With respect to both domestic and international transactions the Cayman Islands is considered a creditor friendly jurisdiction. This is illustrated by a number of statutory provisions that protect the rights of creditors. By way of example, the Companies Act (as revised) moratorium on judicial proceedings that comes into effect upon the appointment of a provisional liquidator for a Cayman Islands company does not prevent a secured creditor from enforcing its security. Furthermore, under Section 140(2) of the Companies Act and Section 38(1) of the Limited Liability Companies Act (as revised), rights of set-off and netting remain effective and enforceable upon the winding-up of an entity, subject to any applicable subordination and security arrangements.

The Cayman Islands’ status as a leading jurisdiction for cross-border financing results from a number of factors, including:

  • political and economic stability as a British Overseas Territory that has focused on the international financial services sector for several decades;
  • a combined common law and statute-based legal system that reflects many principles of the laws of England and Wales, with English case law being persuasive (although not binding) before the courts of the Cayman Islands;
  • the absence of income tax, corporate tax or capital gains tax, as well as no withholding tax or government fees imposed on any cash flows in the Cayman Islands; and
  • a substantial and sophisticated financial and legal services community based in the territory, comprising professionals with extensive experience in other leading financial centres.

See 2.1 Debt Finance Transactions.

Under the laws of the Cayman Islands, there are no specific requirements as to the content or form of the loan documentation used for either cross-border or domestic transactions. Except in limited cases involving certain types of security, there is no requirement for documents to be filed with any government body, for documents to be executed before a notary, or for other formalities regarding execution to be complied with in order for documents to give rise to valid and enforceable obligations.

Under Cayman Islands law, there is no restriction or prohibition on a Cayman Islands entity entering into loan or security documentation governed by the laws of another jurisdiction. Other than for domestic financing, it is common for parties to a debt transaction to use documentation governed by the laws of New York, England and Wales or another jurisdiction with which the foreign lender(s) or other foreign counterparty(ies) have a connection.

Subject to certain reservations, if a Cayman Island entity enters into loan documentation governed by a foreign law, its obligations under that documentation ‒ which are legal, valid, binding and enforceable under foreign law ‒ will also constitute legal, valid, binding and enforceable obligations under Cayman Islands law.

In the authors’ experience, the terms of bank loan facilities do not vary significantly as a function of the types of investors participating in the transaction.

When entering into a cross-border transaction with a Cayman Islands counterparty, it is necessary to consider whether jurisdiction-specific terms may be appropriate in the transaction documents.

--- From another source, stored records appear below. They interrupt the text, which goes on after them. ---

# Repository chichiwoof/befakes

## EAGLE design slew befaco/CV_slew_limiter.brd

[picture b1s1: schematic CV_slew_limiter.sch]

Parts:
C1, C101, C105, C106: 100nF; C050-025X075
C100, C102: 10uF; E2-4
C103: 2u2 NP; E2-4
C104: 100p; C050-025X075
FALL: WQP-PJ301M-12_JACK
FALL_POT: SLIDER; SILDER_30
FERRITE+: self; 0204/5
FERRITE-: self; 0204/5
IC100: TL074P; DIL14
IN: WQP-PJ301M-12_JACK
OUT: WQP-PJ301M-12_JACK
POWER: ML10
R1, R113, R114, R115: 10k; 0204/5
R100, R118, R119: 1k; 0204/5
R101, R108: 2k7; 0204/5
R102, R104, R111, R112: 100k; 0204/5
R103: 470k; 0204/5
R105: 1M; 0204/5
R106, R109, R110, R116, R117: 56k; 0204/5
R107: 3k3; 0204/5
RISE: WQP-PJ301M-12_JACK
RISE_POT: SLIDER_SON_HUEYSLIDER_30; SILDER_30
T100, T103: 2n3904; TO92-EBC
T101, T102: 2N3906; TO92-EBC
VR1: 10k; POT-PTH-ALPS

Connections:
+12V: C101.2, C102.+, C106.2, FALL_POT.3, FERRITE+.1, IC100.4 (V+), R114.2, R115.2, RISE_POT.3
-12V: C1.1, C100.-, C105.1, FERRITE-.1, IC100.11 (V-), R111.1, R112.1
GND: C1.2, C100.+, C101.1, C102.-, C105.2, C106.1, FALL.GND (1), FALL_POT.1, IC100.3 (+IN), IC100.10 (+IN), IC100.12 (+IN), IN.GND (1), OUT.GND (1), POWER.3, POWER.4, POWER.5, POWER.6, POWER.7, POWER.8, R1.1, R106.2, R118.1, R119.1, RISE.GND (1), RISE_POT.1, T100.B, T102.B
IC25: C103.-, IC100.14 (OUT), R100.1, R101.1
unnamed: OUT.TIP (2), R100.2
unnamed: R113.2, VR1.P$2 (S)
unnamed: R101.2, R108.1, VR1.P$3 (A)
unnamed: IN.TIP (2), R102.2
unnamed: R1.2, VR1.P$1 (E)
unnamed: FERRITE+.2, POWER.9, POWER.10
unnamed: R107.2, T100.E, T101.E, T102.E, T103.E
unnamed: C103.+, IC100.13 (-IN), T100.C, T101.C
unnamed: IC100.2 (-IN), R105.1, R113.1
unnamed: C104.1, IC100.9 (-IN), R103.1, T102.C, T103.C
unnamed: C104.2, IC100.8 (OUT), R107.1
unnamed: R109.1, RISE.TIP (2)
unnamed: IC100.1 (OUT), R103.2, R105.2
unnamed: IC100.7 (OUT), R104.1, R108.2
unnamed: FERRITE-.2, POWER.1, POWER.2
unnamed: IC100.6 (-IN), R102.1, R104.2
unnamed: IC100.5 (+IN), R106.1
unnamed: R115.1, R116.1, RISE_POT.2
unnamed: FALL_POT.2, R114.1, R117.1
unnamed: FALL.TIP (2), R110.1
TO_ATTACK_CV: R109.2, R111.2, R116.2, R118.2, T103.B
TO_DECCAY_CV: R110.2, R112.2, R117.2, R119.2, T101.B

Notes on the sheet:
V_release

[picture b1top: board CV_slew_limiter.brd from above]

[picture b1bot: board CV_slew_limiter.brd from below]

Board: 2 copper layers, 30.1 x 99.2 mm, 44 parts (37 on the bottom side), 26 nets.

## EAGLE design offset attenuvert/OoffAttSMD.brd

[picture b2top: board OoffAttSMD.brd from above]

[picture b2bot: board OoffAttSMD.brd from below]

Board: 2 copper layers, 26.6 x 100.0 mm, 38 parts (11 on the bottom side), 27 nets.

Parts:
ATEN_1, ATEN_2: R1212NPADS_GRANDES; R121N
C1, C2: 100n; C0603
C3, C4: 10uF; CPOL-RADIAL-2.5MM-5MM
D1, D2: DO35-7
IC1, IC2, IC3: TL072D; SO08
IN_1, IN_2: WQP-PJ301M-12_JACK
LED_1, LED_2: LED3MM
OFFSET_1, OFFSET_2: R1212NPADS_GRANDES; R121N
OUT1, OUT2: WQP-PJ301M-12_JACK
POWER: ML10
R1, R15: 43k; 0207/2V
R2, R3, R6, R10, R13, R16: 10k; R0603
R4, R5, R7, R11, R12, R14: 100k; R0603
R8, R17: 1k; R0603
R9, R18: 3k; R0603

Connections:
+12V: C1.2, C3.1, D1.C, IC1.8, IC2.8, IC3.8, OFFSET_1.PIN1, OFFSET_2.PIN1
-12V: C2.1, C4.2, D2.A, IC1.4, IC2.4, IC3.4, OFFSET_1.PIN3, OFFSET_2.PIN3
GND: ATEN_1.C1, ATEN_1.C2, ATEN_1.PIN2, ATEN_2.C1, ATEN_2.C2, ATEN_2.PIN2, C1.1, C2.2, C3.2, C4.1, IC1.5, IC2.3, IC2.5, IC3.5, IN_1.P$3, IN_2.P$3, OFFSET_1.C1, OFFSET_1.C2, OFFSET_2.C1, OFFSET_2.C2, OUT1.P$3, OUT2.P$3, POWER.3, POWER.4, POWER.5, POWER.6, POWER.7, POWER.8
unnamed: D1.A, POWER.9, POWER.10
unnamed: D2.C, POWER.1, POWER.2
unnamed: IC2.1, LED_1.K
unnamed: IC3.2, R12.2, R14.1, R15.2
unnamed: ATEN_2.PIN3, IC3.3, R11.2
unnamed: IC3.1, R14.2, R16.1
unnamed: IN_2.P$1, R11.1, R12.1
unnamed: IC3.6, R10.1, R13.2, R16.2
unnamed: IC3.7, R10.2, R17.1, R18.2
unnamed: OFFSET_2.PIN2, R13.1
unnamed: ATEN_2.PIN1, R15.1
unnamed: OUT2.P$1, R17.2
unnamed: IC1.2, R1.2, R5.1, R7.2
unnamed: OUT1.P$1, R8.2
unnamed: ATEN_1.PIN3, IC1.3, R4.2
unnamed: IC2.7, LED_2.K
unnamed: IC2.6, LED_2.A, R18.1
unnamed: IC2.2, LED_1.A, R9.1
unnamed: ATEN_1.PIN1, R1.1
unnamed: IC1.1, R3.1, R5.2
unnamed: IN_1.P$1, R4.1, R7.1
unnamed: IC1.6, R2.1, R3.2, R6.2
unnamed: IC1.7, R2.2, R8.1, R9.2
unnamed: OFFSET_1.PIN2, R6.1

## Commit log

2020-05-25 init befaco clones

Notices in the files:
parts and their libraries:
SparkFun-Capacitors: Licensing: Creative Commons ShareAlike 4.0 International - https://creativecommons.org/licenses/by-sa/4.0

Such terms will depend on the type of transaction and collateral, and may include the following.

  • Qualifications to representations and warranties: appropriate qualifications may be added to the representations and warranties with respect to matters such as the enforceability of contractual terms (for example, under Cayman Islands law a liquidated damages or default interest clause may not be enforceable to the extent it is considered to be a penalty),the circumstances in which Cayman Islands stamp duty will be payable and the steps that can be taken to “perfect” the priority of any security interests.
  • Legal opinion requirements: a requirement may be added that the counterparty procure a legal opinion from Cayman Islands counsel regarding its power and authority to enter into the transaction, the enforceability of the transaction documents, the creation of any security interests and other relevant matters, such as the submission by the counterparty to the jurisdiction of any relevant court in which enforcement proceedings might be brought.
  • Perfection of security interests: terms may be added that require the counterparty to take any steps necessary to perfect the priority of security interests over collateral situated in or constituted under the laws of the Cayman Islands, for example, giving notice of a security interest over a limited partnership interest in an exempted limited partnership to the registered office of the partnership.
  • Provision of “self help” documents: terms may be added that require a counterparty to provide any “self-help” documents that are customarily provided with respect to certain types of collateral, for example the delivery of an executed but undated share transfer instrument with respect to any shares that are part of the collateral package.

Cayman Islands law does not require a guarantee arrangement to be governed by Cayman Islands law. Except for certain very limited types of collateral, there is also no requirement that any security arrangement be governed by Cayman Islands law. For collateral that is not situated in or constituted under the laws of the Cayman Islands, it is common for transaction parties to use guarantee and security documents governed by the law of the facility agreement or other principal loan document.

The types of security interest that are typically granted under security documents governed by Cayman Islands law include charges (fixed or floating), mortgages (legal or equitable) and security assignments. With respect to any security document, Cayman Islands conflict of law principles will determine the law applicable to priority issues in respect of the security interest created thereunder. The applicable law will depend on the subject matter of the relevant asset subject to the security interest.

If Cayman Islands law is the applicable law, then the transaction parties will need to consider how security interests are “perfected” as to priority. There is no system for perfecting a security interest by means of a notification to, or official filing or recording in, a register in the Cayman Islands, except in the case of security over:

  • interests in Cayman Islands exempted limited partnerships;
  • interests in Cayman Islands limited liability companies;
  • Cayman Islands real estate;
  • aircraft registered in the Cayman Islands;
  • ships registered in the Cayman Islands; and
  • chattels located in the Cayman Islands.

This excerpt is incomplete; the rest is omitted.